The PEP-1-GLRX1 protein was produced by using plasmids that are cell-permeable. The transformed bacterial cells were cultured in lysogeny broth media at 37degC and induced by 0.5 mM isopropyl b-D-1-thiogalactopyranoside for 6 h. The harvested cells were then lysed and subjected to PD-10 column chromatography to measure protein levels.

Microglia activation is one of the major causes of degenerative brain diseases and has been utilized as a marker of ischemic neuronal damage. GFAP is a marker for astrocytes is produced by activated microglia. The PEP-1GLRX1 protein reduced levels of both GFAP and Iba-1 immunoreactive cells in mice, in contrast to the vehicle-treated group.

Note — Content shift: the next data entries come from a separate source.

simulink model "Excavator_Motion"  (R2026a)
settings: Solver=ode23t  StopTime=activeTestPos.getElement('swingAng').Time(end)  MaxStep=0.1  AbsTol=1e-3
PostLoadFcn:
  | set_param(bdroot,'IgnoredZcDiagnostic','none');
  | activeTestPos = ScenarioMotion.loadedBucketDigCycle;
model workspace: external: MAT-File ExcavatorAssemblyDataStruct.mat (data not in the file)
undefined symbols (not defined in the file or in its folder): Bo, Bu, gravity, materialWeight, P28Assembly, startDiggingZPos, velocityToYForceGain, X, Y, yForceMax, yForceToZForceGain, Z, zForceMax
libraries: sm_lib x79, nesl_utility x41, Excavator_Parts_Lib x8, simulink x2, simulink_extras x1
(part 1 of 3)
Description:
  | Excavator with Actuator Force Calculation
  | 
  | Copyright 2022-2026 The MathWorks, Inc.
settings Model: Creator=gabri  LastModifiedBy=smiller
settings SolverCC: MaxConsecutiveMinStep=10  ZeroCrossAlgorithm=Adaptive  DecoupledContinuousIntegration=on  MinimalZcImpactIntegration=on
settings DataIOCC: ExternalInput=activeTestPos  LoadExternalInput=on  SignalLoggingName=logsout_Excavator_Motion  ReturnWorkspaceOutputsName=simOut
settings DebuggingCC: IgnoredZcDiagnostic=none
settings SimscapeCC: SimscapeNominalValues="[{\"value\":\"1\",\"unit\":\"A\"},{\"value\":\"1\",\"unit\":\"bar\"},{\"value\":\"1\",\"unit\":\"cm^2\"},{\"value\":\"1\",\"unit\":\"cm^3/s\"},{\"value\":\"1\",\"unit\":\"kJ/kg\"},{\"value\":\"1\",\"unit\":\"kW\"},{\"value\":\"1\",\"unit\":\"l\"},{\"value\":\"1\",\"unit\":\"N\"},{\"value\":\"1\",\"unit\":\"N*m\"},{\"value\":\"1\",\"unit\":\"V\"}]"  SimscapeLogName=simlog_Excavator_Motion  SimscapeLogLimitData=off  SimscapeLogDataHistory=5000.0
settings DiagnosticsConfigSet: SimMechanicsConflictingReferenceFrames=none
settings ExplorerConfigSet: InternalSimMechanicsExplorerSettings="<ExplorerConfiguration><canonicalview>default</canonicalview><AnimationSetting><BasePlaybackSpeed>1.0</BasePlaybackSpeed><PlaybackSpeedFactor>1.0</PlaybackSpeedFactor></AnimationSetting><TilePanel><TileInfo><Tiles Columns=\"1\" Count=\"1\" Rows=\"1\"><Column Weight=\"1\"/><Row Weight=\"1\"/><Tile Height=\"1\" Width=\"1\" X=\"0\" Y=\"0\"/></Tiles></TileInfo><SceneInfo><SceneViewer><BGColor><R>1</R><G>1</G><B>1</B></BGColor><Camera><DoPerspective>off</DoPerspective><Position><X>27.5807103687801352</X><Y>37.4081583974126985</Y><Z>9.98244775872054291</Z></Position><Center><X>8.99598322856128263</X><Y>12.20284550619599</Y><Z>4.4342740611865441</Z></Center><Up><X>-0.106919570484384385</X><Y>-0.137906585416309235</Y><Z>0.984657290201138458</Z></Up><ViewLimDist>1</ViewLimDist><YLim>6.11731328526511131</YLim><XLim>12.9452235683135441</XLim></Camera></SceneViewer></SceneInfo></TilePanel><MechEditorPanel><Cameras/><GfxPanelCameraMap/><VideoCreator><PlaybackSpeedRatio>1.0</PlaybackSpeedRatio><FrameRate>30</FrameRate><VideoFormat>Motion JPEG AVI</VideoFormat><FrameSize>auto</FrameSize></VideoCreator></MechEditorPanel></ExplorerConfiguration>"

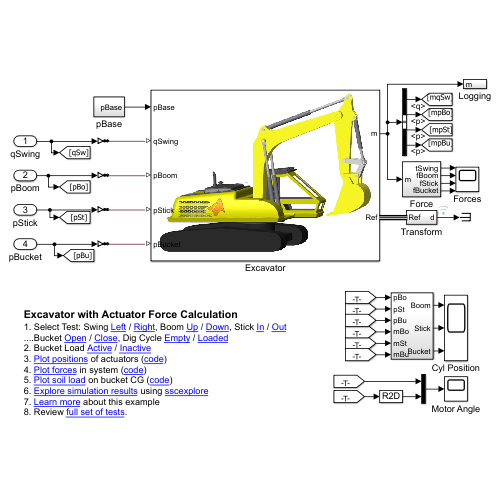
[thumbnail: Simulink's stored preview of the top-level diagram]
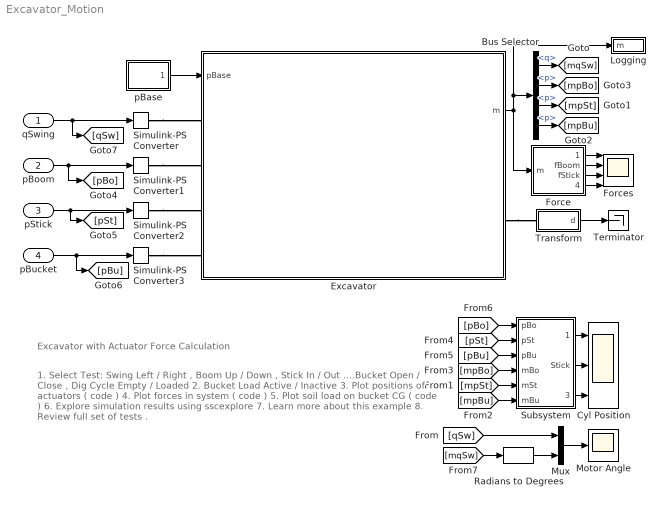
== system Excavator_Motion ==
  note: Excavator with Actuator Force Calculation
  note: 1. Select Test: Swing Left / Right , Boom Up / Down , Stick In / Out
      | ....Bucket Open / Close , Dig Cycle Empty / Loaded
      | 2. Bucket Load Active / Inactive
      | 3. Plot positions of actuators ( code )
      | 4. Plot forces in system ( code )
      | 5. Plot soil load on bucket CG ( code )
      | 6. Explore simulation results using sscexplore
      | 7. Learn more about this example
      | 8. Review full set of tests .
  qSwing : Inport
  pBoom : Inport  Port=2
  pStick : Inport  Port=3
  pBucket : Inport  Port=4
  Bus Selector : BusSelector  OutputSignals=Swing.q,Boom.p,Stick.p,Bucket.p
  Cyl Position : Scope  NumInputPorts=3
      settings: ActiveDisplayYMinimum=-0.10545  ActiveDisplayYMaximum=1.26585
  Excavator : Subsystem
      mask Display: image('Excavator_CAD_Full_IMAGE.png');
  Force : Subsystem
  Forces : Scope  NumInputPorts=4
      settings: ActiveDisplayYMinimum=-530.22843  ActiveDisplayYMaximum=1858.3528  DataLoggingVariableName=ScopeData2
  Logging : Subsystem
  Motor Angle : Scope
      settings: ActiveDisplayYMinimum=-135.21911  ActiveDisplayYMaximum=16.97108
  Mux : Mux  Inputs=2
  Radians to Degrees : simulink_extras/Transformations/Radians to Degrees
  Simulink-PS Converter : nesl_utility/Simulink-PS Converter  PhysicalDomain=network_engine_domain  SubClassName=ps_input  LeftPortType=input  RightPortType=output  PseudoPeriodic=off  Frequencies=[]  NoiseDistribution=none  NoiseParameters=[]  Unit=deg  AffineConversion=off  FilteringAndDerivatives=filter  SimscapeFilterOrder=2  InputFilterTimeConstant=0.05  UdotUserProvided=0
  Simulink-PS Converter1 : nesl_utility/Simulink-PS Converter  PhysicalDomain=network_engine_domain  SubClassName=ps_input  LeftPortType=input  RightPortType=output  PseudoPeriodic=off  Frequencies=[]  NoiseDistribution=none  NoiseParameters=[]  Unit=mm  AffineConversion=off  FilteringAndDerivatives=filter  SimscapeFilterOrder=2  InputFilterTimeConstant=0.05  UdotUserProvided=0
  Simulink-PS Converter2 : nesl_utility/Simulink-PS Converter  PhysicalDomain=network_engine_domain  SubClassName=ps_input  LeftPortType=input  RightPortType=output  PseudoPeriodic=off  Frequencies=[]  NoiseDistribution=none  NoiseParameters=[]  Unit=mm  AffineConversion=off  FilteringAndDerivatives=filter  SimscapeFilterOrder=2  InputFilterTimeConstant=0.05  UdotUserProvided=0
  Simulink-PS Converter3 : nesl_utility/Simulink-PS Converter  PhysicalDomain=network_engine_domain  SubClassName=ps_input  LeftPortType=input  RightPortType=output  PseudoPeriodic=off  Frequencies=[]  NoiseDistribution=none  NoiseParameters=[]  Unit=mm  AffineConversion=off  FilteringAndDerivatives=filter  SimscapeFilterOrder=2  InputFilterTimeConstant=0.05  UdotUserProvided=0
  Subsystem : Subsystem
  Terminator : Terminator
  Transform : Subsystem
  pBase : Subsystem
  wires:
  pBoom/1 -> Simulink-PS Converter1/1, [pBo]
  pStick/1 -> Simulink-PS Converter2/1, [pSt]
  qSwing/1 -> [qSw], Simulink-PS Converter/1
  pBucket/1 -> [pBu], Simulink-PS Converter3/1
  Excavator/1(m) -> Bus Selector/1, Logging/1(m), Force/1(m)
  Bus Selector/1 -> [mqSw]  "<q>"
  Bus Selector/2 -> [mpBo]  "<p>"
  Bus Selector/3 -> [mpSt]  "<p>"
  Bus Selector/4 -> [mpBu]  "<p>"
  [mpBo] -> Subsystem/4(mBo)
  [mpSt] -> Subsystem/5(mSt)
  [mpBu] -> Subsystem/6(mBu)
  Subsystem/1(Boom) -> Cyl Position/1
  Subsystem/2(Stick) -> Cyl Position/2
  Subsystem/3(Bucket) -> Cyl Position/3
  [pBo] -> Subsystem/1(pBo)
  [pSt] -> Subsystem/2(pSt)
  [pBu] -> Subsystem/3(pBu)
  [qSw] -> Mux/1
  [mqSw] -> Radians to Degrees/1
  Mux/1 -> Motor Angle/1
  Radians to Degrees/1 -> Mux/2
  Force/1(tSwing) -> Forces/1
  Force/2(fBoom) -> Forces/2
  Force/3(fStick) -> Forces/3
  Force/4(fBucket) -> Forces/4
  Transform/1(d) -> Terminator/1
  pBase/1(pBase) -> Excavator/1(pBase)
  connections:
  Simulink-PS Converter/RConn1 -- Excavator/LConn1
  Simulink-PS Converter1/RConn1 -- Excavator/LConn2
  Simulink-PS Converter2/RConn1 -- Excavator/LConn3
  Simulink-PS Converter3/RConn1 -- Excavator/LConn4
  Excavator/RConn1 -- Transform/LConn1

== system Excavator_Motion/Excavator ==
  pBase : Inport
  Machine : Subsystem
      mask Display: image('Excavator_CAD_Full_IMAGE.png');
  qSwing : PMIOPort  Side=Left
  pBoom : PMIOPort  Port=2  Side=Left
  pStick : PMIOPort  Port=3  Side=Left
  pBucket : PMIOPort  Port=4  Side=Left
  Ref : PMIOPort  Port=5  Side=Right
  m : Outport
  wires:
  Machine/1(m) -> m/1
  pBase/1 -> Machine/1(pBase)
  connections:
  qSwing/RConn1 -- Machine/LConn1
  pBoom/RConn1 -- Machine/LConn2
  pStick/RConn1 -- Machine/LConn3
  pBucket/RConn1 -- Machine/LConn4
  Machine/RConn1 -- Ref/RConn1

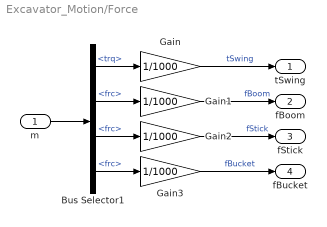
== system Excavator_Motion/Force ==
  m : Inport
  Bus Selector1 : BusSelector  OutputSignals=Swing.trq,Boom.frc,Stick.frc,Bucket.frc
  Gain{,1..3} (4 alike) : Gain  Gain=1/1000
  tSwing : Outport
  fBoom : Outport  Port=2
  fStick : Outport  Port=3
  fBucket : Outport  Port=4
  wires:
  Bus Selector1/1 -> Gain/1  "<trq>"
  Bus Selector1/2 -> Gain1/1  "<frc>"
  m/1 -> Bus Selector1/1
  Bus Selector1/3 -> Gain2/1  "<frc>"
  Bus Selector1/4 -> Gain3/1  "<frc>"
  Gain/1 -> tSwing/1  "tSwing"
  Gain1/1 -> fBoom/1  "fBoom"
  Gain2/1 -> fStick/1  "fStick"
  Gain3/1 -> fBucket/1  "fBucket"

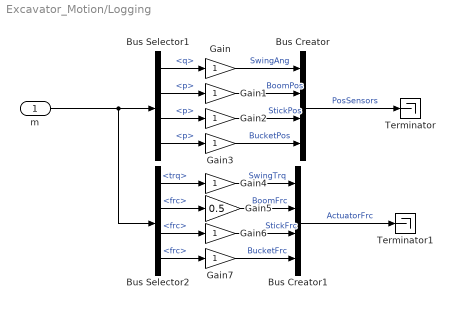
== system Excavator_Motion/Logging ==
  m : Inport
  Bus Creator : BusCreator  Inputs=4
  Bus Creator1 : BusCreator  Inputs=4
  Bus Selector1 : BusSelector  OutputSignals=Swing.q,Boom.p,Stick.p,Bucket.p
  Bus Selector2 : BusSelector  OutputSignals=Swing.trq,Boom.frc,Stick.frc,Bucket.frc
  Gain{,1..4,6..7} (7 alike) : Gain
  Gain5 : Gain  Gain=0.5
  Terminator : Terminator
  Terminator1 : Terminator
  wires:
  m/1 -> Bus Selector2/1, Bus Selector1/1
  Bus Selector1/1 -> Gain/1  "<q>"
  Bus Selector1/2 -> Gain1/1  "<p>"
  Bus Selector1/3 -> Gain2/1  "<p>"
  Bus Selector1/4 -> Gain3/1  "<p>"
  Gain/1 -> Bus Creator/1  "SwingAng"
  Gain1/1 -> Bus Creator/2  "BoomPos"
  Gain2/1 -> Bus Creator/3  "StickPos"
  Gain3/1 -> Bus Creator/4  "BucketPos"
  Bus Creator/1 -> Terminator/1  "PosSensors"
  Bus Selector2/4 -> Gain7/1  "<frc>"
  Bus Selector2/3 -> Gain6/1  "<frc>"
  Bus Selector2/2 -> Gain5/1  "<frc>"
  Bus Selector2/1 -> Gain4/1  "<trq>"
  Bus Creator1/1 -> Terminator1/1  "ActuatorFrc"
  Gain7/1 -> Bus Creator1/4  "BucketFrc"
  Gain6/1 -> Bus Creator1/3  "StickFrc"
  Gain5/1 -> Bus Creator1/2  "BoomFrc"
  Gain4/1 -> Bus Creator1/1  "SwingTrq"

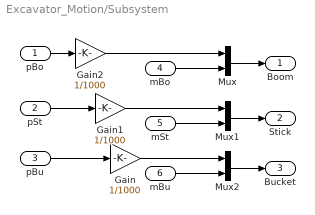
== system Excavator_Motion/Subsystem ==
  pBo : Inport
  pSt : Inport  Port=2
  pBu : Inport  Port=3
  mBo : Inport  Port=4
  mSt : Inport  Port=5
  mBu : Inport  Port=6
  Gain : Gain  Gain=1/1000
  Gain1 : Gain  Gain=1/1000
  Gain2 : Gain  Gain=1/1000
  Mux : Mux  Inputs=2
  Mux1 : Mux  Inputs=2
  Mux2 : Mux  Inputs=2
  Boom : Outport
  Stick : Outport  Port=2
  Bucket : Outport  Port=3
  wires:
  Mux1/1 -> Stick/1
  Mux/1 -> Boom/1
  Mux2/1 -> Bucket/1
  Gain/1 -> Mux2/1
  Gain2/1 -> Mux/1
  pBo/1 -> Gain2/1
  Gain1/1 -> Mux1/1
  pBu/1 -> Gain/1
  mBo/1 -> Mux/2
  pSt/1 -> Gain1/1
  mSt/1 -> Mux1/2
  mBu/1 -> Mux2/2

== system Excavator_Motion/Transform ==
  Part Pos Ori : Excavator_Parts_Lib/Part Pos Ori  SystemSampleTime=-1  VariantActivationTime=update diagram  EmptyChoice=off  PassThrough=off  PassThroughVariantControl=(default)  EmptyChoiceVariantControl=(default)  AllowFlexibleInterface=on  Latency=0  AutoFrameSizeCalculation=off
  Part Pos Ori1 : Excavator_Parts_Lib/Part Pos Ori  SystemSampleTime=-1  VariantActivationTime=update diagram  EmptyChoice=off  PassThrough=off  PassThroughVariantControl=(default)  EmptyChoiceVariantControl=(default)  AllowFlexibleInterface=on  Latency=0  AutoFrameSizeCalculation=off
  Simscape Bus : SimscapeBus  HierarchyStrings=Bo;Bu
  Ref : PMIOPort  Side=Left
  Out Bus Element : Outport  PortName=d  Element=Boom
  Out Bus Element1 : Outport  PortName=d  Element=Bucket
  wires:
  Part Pos Ori1/1 -> Out Bus Element/1
  Part Pos Ori/1 -> Out Bus Element1/1
  connections:
  Ref/RConn1 -- Simscape Bus/RConn1
  Part Pos Ori1/LConn1 -- Simscape Bus/LConn1
  Part Pos Ori/LConn1 -- Simscape Bus/LConn2

== system Excavator_Motion/pBase ==
  Bus Creator : BusCreator  Inputs=3
  Constant : Constant  Value=0
  Constant1 : Constant  Value=0
  Constant2 : Constant  Value=0
  pBase : Outport
  wires:
  Bus Creator/1 -> pBase/1
  Constant/1 -> Bus Creator/1  "px"
  Constant1/1 -> Bus Creator/2  "py"
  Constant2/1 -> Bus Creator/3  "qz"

Since oxidative stress is a primary risk factor for neuronal diseases studies using the PEP-1GLRX1 protein to monitor brain ischemia have shown that the PEP-1GLRX1 protein transduced improves the viability of the HT-22 cells under stress of oxidative. Transduced PEP-1-GLRX1 significantly reduced intracellular ROS levels and DNA damage.